— DIRECTIONS FOR THIS TASK —
Up to and including the line that contains "Joint Limits1 : WBCLibrary/wholeBodyModel/Joint", write out every line of the entries exactly, beginning with the first. Omit the pictures.
╭─ GIVEN ENTRIES
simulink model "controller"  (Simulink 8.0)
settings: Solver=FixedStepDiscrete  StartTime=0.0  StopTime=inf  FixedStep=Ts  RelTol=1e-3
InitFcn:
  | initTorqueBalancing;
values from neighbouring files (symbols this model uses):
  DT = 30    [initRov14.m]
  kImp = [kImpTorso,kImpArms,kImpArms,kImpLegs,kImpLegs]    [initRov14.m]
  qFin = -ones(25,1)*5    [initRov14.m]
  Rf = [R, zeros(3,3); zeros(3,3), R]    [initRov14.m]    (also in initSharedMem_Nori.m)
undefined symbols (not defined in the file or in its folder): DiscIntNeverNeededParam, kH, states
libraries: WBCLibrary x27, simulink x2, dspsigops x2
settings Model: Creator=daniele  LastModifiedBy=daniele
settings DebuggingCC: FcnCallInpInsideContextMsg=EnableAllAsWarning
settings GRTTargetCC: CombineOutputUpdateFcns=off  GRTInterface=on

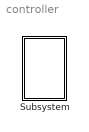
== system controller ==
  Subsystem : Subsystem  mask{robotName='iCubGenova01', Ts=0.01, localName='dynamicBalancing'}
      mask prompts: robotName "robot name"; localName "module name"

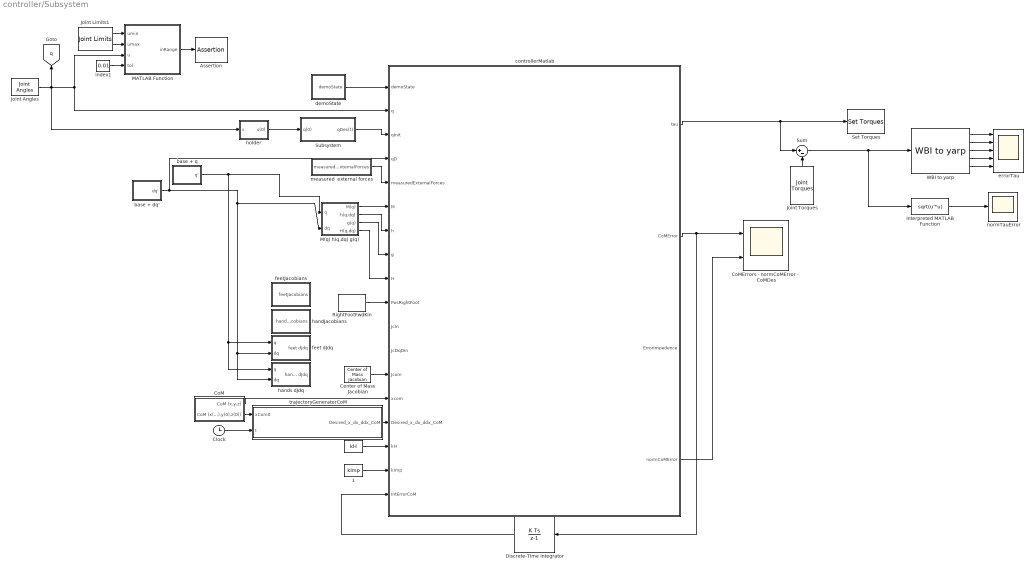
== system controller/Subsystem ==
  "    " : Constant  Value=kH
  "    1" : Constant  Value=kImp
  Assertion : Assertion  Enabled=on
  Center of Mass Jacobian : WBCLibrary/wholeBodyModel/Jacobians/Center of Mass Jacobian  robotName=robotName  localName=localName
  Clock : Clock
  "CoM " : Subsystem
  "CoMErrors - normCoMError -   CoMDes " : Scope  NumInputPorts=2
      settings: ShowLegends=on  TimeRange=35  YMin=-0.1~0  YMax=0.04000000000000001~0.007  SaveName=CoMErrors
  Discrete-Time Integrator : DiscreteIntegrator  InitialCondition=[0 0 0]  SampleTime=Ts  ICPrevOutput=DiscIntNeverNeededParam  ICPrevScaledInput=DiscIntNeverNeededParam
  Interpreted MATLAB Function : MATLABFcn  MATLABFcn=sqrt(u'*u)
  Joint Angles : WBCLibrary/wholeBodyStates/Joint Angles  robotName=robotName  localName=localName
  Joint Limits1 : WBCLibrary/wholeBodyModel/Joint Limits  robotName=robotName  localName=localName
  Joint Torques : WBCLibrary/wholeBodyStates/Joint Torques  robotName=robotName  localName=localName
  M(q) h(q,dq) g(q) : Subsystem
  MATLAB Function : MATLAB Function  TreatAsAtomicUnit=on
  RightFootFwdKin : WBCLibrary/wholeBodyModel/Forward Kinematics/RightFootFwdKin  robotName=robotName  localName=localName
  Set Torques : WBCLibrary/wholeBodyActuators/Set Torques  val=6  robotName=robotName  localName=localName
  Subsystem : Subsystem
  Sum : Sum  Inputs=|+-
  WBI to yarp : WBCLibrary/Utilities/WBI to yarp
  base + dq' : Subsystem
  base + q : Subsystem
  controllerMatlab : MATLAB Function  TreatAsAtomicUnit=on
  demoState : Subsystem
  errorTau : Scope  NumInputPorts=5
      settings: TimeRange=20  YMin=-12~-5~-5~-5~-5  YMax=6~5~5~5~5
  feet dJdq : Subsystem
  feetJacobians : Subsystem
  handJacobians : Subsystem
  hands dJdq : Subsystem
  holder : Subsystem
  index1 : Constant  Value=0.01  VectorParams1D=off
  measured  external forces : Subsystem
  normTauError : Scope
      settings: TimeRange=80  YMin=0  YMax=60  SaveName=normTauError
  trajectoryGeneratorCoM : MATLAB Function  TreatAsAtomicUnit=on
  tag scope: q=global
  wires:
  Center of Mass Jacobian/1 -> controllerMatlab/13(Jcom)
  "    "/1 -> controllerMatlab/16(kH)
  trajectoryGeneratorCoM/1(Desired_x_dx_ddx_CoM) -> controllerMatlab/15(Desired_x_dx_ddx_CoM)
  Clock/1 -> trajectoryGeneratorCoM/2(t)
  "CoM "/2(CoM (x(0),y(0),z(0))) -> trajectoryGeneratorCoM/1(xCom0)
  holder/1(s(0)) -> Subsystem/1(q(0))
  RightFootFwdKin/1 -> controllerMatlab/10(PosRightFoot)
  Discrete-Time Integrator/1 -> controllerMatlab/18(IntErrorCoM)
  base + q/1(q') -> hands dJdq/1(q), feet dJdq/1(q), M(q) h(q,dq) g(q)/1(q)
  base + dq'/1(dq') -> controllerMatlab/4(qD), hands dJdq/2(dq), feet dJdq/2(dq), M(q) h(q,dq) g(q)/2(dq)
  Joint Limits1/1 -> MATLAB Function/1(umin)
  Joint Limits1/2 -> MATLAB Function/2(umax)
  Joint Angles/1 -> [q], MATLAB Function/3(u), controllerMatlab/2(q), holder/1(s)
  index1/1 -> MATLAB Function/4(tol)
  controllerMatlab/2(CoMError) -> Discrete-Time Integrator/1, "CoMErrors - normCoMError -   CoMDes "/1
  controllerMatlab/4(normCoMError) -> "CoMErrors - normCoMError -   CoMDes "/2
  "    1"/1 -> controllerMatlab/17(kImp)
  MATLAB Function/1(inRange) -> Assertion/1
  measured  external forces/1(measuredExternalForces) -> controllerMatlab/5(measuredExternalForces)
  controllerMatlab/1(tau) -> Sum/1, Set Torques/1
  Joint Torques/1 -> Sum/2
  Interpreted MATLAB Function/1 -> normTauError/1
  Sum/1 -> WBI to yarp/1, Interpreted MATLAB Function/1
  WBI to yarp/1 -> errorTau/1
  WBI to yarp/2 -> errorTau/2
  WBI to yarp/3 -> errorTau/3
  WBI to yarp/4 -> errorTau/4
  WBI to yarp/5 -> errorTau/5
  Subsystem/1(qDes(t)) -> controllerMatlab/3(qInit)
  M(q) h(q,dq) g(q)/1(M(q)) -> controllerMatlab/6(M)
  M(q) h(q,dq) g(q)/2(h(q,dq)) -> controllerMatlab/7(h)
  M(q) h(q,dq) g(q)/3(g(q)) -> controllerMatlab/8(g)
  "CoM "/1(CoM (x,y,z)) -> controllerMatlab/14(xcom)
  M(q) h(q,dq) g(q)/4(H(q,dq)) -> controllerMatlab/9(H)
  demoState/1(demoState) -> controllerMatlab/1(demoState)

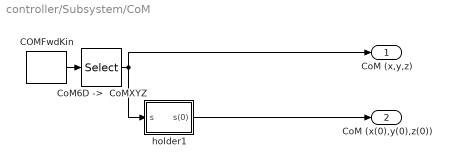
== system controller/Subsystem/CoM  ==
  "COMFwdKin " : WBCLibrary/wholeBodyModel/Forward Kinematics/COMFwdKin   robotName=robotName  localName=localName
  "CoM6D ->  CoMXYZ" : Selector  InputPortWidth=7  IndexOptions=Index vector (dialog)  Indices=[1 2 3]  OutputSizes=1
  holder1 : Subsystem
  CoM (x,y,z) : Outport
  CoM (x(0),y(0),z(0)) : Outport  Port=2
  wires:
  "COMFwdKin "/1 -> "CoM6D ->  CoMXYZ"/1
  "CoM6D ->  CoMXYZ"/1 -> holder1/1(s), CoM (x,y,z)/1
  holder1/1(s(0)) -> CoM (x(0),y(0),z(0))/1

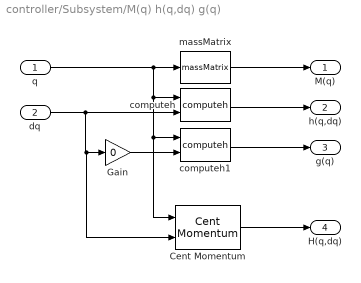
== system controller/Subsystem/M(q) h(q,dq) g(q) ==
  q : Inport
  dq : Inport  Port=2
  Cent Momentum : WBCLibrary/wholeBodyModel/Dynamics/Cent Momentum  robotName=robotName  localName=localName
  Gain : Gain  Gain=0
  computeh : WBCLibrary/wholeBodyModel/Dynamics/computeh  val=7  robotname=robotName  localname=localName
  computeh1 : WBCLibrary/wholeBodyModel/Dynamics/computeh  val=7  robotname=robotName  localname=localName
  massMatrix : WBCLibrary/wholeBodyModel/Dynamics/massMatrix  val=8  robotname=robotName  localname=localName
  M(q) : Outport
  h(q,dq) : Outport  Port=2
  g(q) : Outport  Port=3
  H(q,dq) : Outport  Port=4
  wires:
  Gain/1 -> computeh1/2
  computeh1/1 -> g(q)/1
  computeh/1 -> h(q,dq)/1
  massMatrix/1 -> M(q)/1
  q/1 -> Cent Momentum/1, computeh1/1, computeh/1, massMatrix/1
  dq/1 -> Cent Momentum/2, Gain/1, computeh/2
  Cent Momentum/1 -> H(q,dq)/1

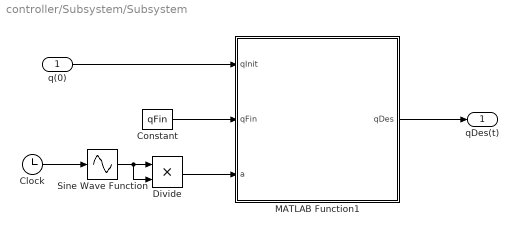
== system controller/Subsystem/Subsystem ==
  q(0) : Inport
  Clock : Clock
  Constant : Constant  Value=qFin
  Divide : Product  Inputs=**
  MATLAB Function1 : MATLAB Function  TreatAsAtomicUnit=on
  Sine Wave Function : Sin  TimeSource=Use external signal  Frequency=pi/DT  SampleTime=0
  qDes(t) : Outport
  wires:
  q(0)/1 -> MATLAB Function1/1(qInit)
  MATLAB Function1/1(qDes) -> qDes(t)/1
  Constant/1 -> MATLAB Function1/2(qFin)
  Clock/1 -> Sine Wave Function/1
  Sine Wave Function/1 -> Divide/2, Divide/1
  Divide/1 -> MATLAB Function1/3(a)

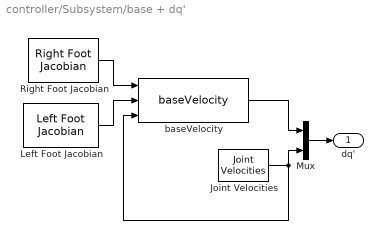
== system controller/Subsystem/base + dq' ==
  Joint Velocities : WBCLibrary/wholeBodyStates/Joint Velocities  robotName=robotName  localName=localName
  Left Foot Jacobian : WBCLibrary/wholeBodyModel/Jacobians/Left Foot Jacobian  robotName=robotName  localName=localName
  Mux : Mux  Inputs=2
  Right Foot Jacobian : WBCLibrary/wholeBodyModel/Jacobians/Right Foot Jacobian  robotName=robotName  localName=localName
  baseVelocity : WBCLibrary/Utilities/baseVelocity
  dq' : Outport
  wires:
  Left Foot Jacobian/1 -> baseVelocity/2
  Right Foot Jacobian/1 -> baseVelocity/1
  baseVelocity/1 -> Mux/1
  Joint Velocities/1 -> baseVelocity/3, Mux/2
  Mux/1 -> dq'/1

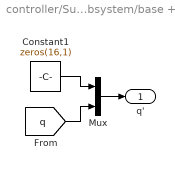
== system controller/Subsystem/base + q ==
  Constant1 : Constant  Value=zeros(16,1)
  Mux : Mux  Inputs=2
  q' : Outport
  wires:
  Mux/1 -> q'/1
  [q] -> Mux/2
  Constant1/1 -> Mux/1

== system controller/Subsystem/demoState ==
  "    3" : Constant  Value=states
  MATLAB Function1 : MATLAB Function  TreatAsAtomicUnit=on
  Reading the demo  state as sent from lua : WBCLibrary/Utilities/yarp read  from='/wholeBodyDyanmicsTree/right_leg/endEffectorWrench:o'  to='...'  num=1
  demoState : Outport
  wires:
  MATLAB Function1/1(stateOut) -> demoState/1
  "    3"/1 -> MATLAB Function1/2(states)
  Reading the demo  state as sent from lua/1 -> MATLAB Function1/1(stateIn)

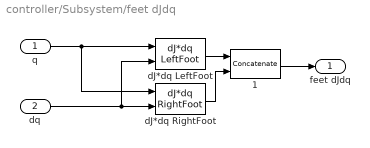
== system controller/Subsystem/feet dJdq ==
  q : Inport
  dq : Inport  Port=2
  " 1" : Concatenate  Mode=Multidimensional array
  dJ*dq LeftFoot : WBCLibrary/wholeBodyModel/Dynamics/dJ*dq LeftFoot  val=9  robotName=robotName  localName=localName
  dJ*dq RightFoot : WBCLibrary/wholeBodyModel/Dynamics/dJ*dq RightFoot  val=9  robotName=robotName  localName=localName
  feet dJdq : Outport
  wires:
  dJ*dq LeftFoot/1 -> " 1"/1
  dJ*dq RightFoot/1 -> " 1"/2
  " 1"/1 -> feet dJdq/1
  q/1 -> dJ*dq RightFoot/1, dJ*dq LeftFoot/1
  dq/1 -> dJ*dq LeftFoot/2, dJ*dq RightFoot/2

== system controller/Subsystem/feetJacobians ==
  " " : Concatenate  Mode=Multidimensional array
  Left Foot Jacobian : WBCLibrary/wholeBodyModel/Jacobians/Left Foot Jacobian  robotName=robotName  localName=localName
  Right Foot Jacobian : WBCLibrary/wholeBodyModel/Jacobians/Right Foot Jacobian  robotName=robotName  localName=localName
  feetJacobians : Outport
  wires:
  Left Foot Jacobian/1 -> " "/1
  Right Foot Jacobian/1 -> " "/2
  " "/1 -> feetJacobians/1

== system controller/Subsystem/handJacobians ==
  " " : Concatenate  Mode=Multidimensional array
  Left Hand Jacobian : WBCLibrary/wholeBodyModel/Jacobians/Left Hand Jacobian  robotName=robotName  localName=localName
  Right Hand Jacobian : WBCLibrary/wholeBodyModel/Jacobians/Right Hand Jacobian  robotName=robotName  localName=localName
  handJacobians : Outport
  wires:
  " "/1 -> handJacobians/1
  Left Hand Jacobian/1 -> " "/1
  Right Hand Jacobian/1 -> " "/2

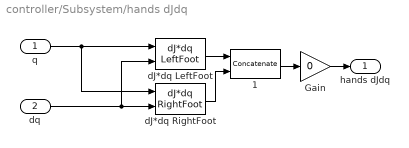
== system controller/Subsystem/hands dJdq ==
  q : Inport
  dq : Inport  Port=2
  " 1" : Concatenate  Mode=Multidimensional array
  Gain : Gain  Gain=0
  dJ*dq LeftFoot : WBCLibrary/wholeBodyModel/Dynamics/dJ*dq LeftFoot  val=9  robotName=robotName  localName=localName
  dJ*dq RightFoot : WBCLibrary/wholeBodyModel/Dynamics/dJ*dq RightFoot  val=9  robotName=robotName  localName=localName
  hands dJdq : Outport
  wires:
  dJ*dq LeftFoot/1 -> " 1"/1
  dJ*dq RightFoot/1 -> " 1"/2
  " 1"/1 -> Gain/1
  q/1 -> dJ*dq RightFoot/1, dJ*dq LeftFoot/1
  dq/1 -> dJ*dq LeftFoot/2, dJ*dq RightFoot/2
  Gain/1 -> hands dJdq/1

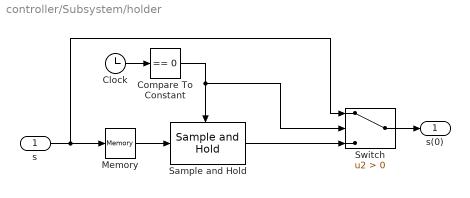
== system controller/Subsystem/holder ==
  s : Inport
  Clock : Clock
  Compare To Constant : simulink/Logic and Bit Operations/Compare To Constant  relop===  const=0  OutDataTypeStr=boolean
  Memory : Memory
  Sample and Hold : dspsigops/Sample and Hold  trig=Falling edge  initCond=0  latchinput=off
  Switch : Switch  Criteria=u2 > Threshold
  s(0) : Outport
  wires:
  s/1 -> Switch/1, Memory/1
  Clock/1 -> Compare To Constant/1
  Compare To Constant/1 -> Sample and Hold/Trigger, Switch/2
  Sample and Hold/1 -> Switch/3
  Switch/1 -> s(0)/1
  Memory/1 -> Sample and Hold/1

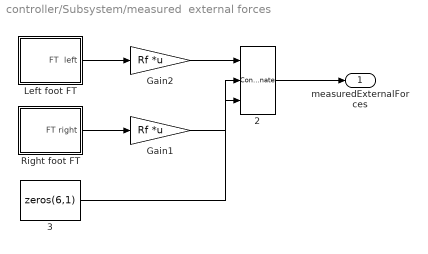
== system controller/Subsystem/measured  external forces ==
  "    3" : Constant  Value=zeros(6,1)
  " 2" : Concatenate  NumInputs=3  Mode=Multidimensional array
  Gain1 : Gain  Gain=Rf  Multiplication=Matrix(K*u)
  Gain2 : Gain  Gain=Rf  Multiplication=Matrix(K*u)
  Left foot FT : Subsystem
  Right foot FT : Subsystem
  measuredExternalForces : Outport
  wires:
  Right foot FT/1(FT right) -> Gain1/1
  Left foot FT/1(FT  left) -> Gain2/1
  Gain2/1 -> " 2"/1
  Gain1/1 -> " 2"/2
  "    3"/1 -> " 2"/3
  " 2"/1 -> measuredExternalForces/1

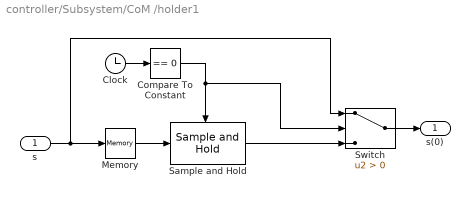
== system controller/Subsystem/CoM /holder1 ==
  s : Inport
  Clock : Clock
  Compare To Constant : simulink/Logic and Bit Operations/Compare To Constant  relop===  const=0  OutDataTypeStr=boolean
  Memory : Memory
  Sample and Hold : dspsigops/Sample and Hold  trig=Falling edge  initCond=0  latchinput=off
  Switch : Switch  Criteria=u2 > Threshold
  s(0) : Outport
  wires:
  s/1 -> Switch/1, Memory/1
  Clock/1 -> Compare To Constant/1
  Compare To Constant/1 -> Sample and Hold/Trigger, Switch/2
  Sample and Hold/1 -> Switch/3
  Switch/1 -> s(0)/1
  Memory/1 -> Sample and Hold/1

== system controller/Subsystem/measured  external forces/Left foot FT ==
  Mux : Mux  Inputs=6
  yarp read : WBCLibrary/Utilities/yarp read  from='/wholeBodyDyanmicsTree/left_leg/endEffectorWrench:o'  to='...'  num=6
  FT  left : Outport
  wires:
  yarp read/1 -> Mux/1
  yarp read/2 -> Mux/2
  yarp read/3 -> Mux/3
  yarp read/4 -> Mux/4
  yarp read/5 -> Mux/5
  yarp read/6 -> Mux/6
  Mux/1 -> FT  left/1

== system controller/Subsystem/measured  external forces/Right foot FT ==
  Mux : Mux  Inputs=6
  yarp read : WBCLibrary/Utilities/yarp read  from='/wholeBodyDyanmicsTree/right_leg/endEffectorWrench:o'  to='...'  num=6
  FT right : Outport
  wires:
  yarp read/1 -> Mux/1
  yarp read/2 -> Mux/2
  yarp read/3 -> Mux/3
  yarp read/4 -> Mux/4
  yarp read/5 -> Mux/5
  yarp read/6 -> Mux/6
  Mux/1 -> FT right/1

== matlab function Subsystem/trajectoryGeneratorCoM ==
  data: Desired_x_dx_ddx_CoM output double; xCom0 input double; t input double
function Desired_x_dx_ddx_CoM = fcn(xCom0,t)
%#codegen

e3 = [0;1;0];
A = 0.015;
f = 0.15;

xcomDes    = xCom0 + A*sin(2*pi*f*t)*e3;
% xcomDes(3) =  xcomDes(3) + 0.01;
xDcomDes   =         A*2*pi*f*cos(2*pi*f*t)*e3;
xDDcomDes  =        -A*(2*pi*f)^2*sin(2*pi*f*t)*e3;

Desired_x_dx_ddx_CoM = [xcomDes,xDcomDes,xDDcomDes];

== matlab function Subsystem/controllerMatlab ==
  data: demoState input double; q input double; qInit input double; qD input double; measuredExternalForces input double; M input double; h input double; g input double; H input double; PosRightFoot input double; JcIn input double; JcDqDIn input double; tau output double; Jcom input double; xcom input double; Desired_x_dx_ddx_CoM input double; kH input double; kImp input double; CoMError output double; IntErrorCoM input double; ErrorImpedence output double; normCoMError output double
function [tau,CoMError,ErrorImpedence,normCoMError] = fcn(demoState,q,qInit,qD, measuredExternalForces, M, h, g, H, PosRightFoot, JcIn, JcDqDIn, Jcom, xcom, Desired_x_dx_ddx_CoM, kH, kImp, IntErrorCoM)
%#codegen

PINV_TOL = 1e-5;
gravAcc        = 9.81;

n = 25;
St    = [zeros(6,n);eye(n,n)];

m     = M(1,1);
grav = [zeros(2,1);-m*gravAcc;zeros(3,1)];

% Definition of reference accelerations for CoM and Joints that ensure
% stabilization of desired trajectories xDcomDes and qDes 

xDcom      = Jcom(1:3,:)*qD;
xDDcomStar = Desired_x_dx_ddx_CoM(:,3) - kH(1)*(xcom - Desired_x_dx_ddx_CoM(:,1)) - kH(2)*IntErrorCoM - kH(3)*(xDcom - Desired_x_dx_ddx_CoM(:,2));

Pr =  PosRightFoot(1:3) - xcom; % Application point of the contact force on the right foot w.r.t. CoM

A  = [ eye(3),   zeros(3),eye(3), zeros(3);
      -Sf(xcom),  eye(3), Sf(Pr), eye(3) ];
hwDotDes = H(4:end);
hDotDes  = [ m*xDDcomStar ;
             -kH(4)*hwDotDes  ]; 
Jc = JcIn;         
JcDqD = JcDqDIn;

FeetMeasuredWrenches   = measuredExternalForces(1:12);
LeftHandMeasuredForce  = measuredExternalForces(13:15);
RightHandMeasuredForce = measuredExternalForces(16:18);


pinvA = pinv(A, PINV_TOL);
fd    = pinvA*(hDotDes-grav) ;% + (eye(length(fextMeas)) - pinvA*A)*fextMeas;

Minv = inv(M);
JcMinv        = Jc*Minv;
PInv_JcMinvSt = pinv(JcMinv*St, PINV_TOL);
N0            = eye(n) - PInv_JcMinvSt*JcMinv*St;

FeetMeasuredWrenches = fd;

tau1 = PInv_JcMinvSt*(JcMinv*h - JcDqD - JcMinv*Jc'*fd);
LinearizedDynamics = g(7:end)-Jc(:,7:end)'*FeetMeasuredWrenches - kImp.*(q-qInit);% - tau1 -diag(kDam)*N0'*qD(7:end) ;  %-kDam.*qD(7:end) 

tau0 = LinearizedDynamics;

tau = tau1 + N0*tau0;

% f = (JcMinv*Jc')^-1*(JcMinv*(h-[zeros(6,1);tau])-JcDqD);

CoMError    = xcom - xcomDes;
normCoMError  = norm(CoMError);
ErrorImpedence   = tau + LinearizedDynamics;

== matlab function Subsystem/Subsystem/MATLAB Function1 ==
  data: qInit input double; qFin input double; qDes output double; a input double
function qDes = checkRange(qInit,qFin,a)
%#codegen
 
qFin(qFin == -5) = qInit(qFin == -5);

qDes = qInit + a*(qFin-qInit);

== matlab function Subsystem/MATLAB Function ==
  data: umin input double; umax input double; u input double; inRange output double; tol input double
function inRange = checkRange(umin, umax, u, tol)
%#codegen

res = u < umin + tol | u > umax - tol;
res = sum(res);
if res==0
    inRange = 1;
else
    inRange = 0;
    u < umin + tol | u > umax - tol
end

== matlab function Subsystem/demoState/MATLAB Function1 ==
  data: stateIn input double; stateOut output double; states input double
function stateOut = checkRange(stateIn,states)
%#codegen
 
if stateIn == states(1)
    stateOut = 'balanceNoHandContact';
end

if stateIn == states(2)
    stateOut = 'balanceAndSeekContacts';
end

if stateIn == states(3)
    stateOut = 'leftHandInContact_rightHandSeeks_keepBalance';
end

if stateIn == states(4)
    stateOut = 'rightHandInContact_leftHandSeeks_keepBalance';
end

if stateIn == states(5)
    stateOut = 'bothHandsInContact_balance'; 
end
╰─
— SOLUTION FOR THIS TASK —
simulink model "controller"  (Simulink 8.0)
settings: Solver=FixedStepDiscrete  StartTime=0.0  StopTime=inf  FixedStep=Ts  RelTol=1e-3
InitFcn:
  | initTorqueBalancing;
values from neighbouring files (symbols this model uses):
  DT = 30    [initRov14.m]
  kImp = [kImpTorso,kImpArms,kImpArms,kImpLegs,kImpLegs]    [initRov14.m]
  qFin = -ones(25,1)*5    [initRov14.m]
  Rf = [R, zeros(3,3); zeros(3,3), R]    [initRov14.m]    (also in initSharedMem_Nori.m)
undefined symbols (not defined in the file or in its folder): DiscIntNeverNeededParam, kH, states
libraries: WBCLibrary x27, simulink x2, dspsigops x2
settings Model: Creator=daniele  LastModifiedBy=daniele
settings DebuggingCC: FcnCallInpInsideContextMsg=EnableAllAsWarning
settings GRTTargetCC: CombineOutputUpdateFcns=off  GRTInterface=on

== system controller ==
  Subsystem : Subsystem  mask{robotName='iCubGenova01', Ts=0.01, localName='dynamicBalancing'}
      mask prompts: robotName "robot name"; localName "module name"

== system controller/Subsystem ==
  "    " : Constant  Value=kH
  "    1" : Constant  Value=kImp
  Assertion : Assertion  Enabled=on
  Center of Mass Jacobian : WBCLibrary/wholeBodyModel/Jacobians/Center of Mass Jacobian  robotName=robotName  localName=localName
  Clock : Clock
  "CoM " : Subsystem
  "CoMErrors - normCoMError -   CoMDes " : Scope  NumInputPorts=2
      settings: ShowLegends=on  TimeRange=35  YMin=-0.1~0  YMax=0.04000000000000001~0.007  SaveName=CoMErrors
  Discrete-Time Integrator : DiscreteIntegrator  InitialCondition=[0 0 0]  SampleTime=Ts  ICPrevOutput=DiscIntNeverNeededParam  ICPrevScaledInput=DiscIntNeverNeededParam
  Interpreted MATLAB Function : MATLABFcn  MATLABFcn=sqrt(u'*u)
  Joint Angles : WBCLibrary/wholeBodyStates/Joint Angles  robotName=robotName  localName=localName
  Joint Limits1 : WBCLibrary/wholeBodyModel/Joint Limits  robotName=robotName  localName=localName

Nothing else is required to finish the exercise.